Prendete le sonorità midwest emocore anni 90, aggiungeteci un pò di noise rock... ecco a voi i Twenty miles to mother.

Luigi, Luca (entambi già pionieri del genere negli anni 90 con i mai dimenticati Suburban Noise) e Nicola sono alla loro prima fatica, influenzati da Lifetime, Braid, Garden Variety e primi Get up kids. Ma più che un demo lo definirei un primo album.

Riff incalzanti e dinamici, batteria mai statica, voce ben concepita e basso sempre pulsante sono gli ingredienti di questo più che buono esordio. Buona la produzione anche se non a ottimi livelli.

Al primo ascolto rimango estasiato dalla seconda traccia (e a mio modo solo per questa song vale la pena avere il disco) "Can't sleep on a friday night", 4 minuti ottimamente costruiti, con una parte finale da applausi in cui si gli intrecci di voce la fanno da padrone per un crescendo che ti trasporta fino alla conclusione del brano.

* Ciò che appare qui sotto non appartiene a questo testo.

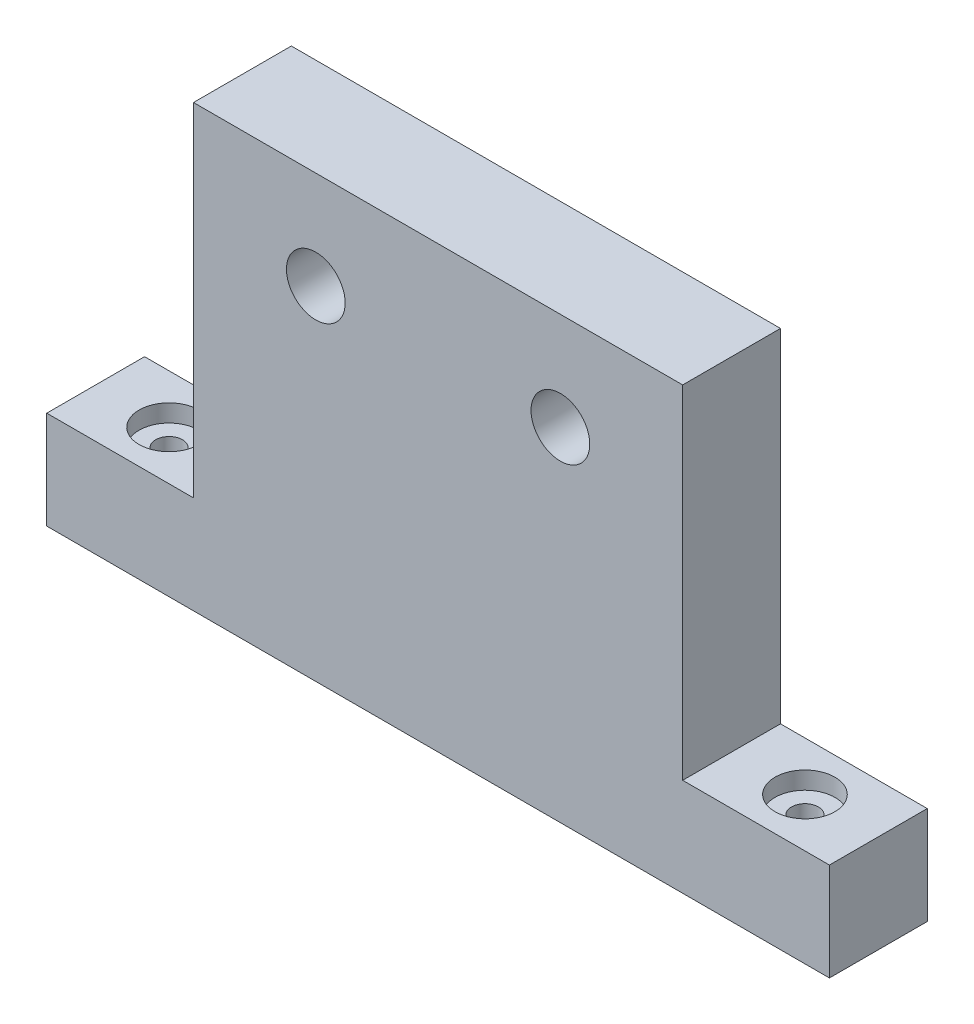
SolidWorks part; units mm, degrees
ref_plane "Front Plane" through (0, 0, 0) normal (0, 0, 1) x (1, 0, 0)
ref_plane "Top Plane" through (0, 0, 0) normal (0, 1, 0) x (1, 0, 0)
ref_plane "Right Plane" through (0, 0, 0) normal (1, 0, 0) x (0, 0, -1)
sketch "Sketch2" plane through (0, 0, 0) normal (0, 0, 1) x (1, 0, 0)
  line L0 (0, 0) -> (0, 90) construction
  line L1 (80, 0) -> (-80, 0)
  line L2 (-80, 0) -> (-80, 20)
  line L3 (-80, 20) -> (-50, 20)
  line L4 (-50, 20) -> (-50, 90)
  line L5 (-50, 90) -> (0, 90)
  line L10 (50, 90) -> (0, 90)
  line L11 (50, 20) -> (50, 90)
  line L12 (80, 20) -> (50, 20)
  line L13 (80, 0) -> (80, 20)
  circle A0 centre (-25, 70) radius 6
  circle A1 centre (25, 70) radius 6
  point P7 (-25, 90)
  dimension "D5" = 12
  dimension "D7" = 50
  dimension "D6" = 70
  dimension "D1" = 90
  dimension "D2" = 80
  dimension "D3" = 30
  dimension "D4" = 20
extrude "Corpo - Furos 12mm" add sketch "Sketch2" along normal blind 20
hole_wizard "Furos Ø6mm" positions "Sketch4" profile "Sketch5" counterbore size "M5" standard "ANSI Metric" end condition through all
sketch "Sketch4" plane through (0, 20, 0) normal (0, 1, 0) x (1, 0, 0)
  line L0 (-65, -10) -> (65, -10) construction
  line L2 (-50, -20) -> (-80, -20) construction
  line L3 (-80, -20) -> (-80, 0) construction
  point P0 (-65, -10)
  point P2 (65, -10)
  dimension "D1" = 10
  dimension "D2" = 15
  dimension "D3" = 130
sketch "Sketch5" plane through (-65, 20, 10) normal (1, 0, 0) x (0, 0, 1)
  line L0 (0, 0) -> (0, 20)
  line L1 (0, 20) -> (2.75, 20)
  line L3 (2.75, 20) -> (2.75, 3.58)
  line L4 (2.75, 3.58) -> (6.12, 3.58)
  line L5 (6.12, 3.58) -> (6.12, 0)
  line L7 (6.12, 0) -> (0, 0)
  line L11 (0, -6.35) -> (0, 107.95) construction
  dimension "Thru Hole Dia." = 5.5
  dimension "Thru Hole Depth" = 20
  dimension "C'Bore Dia." = 12.24
  dimension "C'Bore Depth" = 3.58

Assolutamente non seconda alla traccia scritta sopra è "Life time". Più frenetica della precedente, con ripetuti e ben concepiti cambi di tempo che rendono il tutto non scontato, in cui le chitarre di Nicola si accoppiano perfettamente ai tempi mai banali di Luigi.

Ottima anche "The road so far" e il brano strumentale "Kiss the sky goodbye".

Forse l'unica pecca è rappresentata da "Spring". Buon brano acustico sicuramente, ma che poco ci stà con il tema del disco. Ma, come si dice in queste occasioni -The gustibus non est disputandum-.

L'esperienza non manca di certo, le idee lo stesso, come anche la voglia di fare. Spinti anche da nuova linfa e incoraggiamenti, questo power trio non è certamente una di quelle band che verranno accantonate con il tempo. E certamente sta a loro, magari con una piccola dose di fortuna, farsi valere con il passare dei giorni. Attendo una loro prova sulla lunga distanza tra qualche tempo.

In definitiva, come detto sopra, esordio più che buono. Ci fosse una scala numerica (da 1 a 10 ad esempio), darei 7,5. Il disco lo consiglio vivamente a chi ha vissuto le melodie degli anni 90, ma anche a chi le ha accantonate magari causa proseguio degli anni, sperando in una seconda giovinezza. Si, come se fosse una seconda giovinezza, un viaggio indietro nel tempo che stanno compiendo Luigi, Luca e Nicola, e che sinceramente ho compiuto con piacere anche io.

Peace.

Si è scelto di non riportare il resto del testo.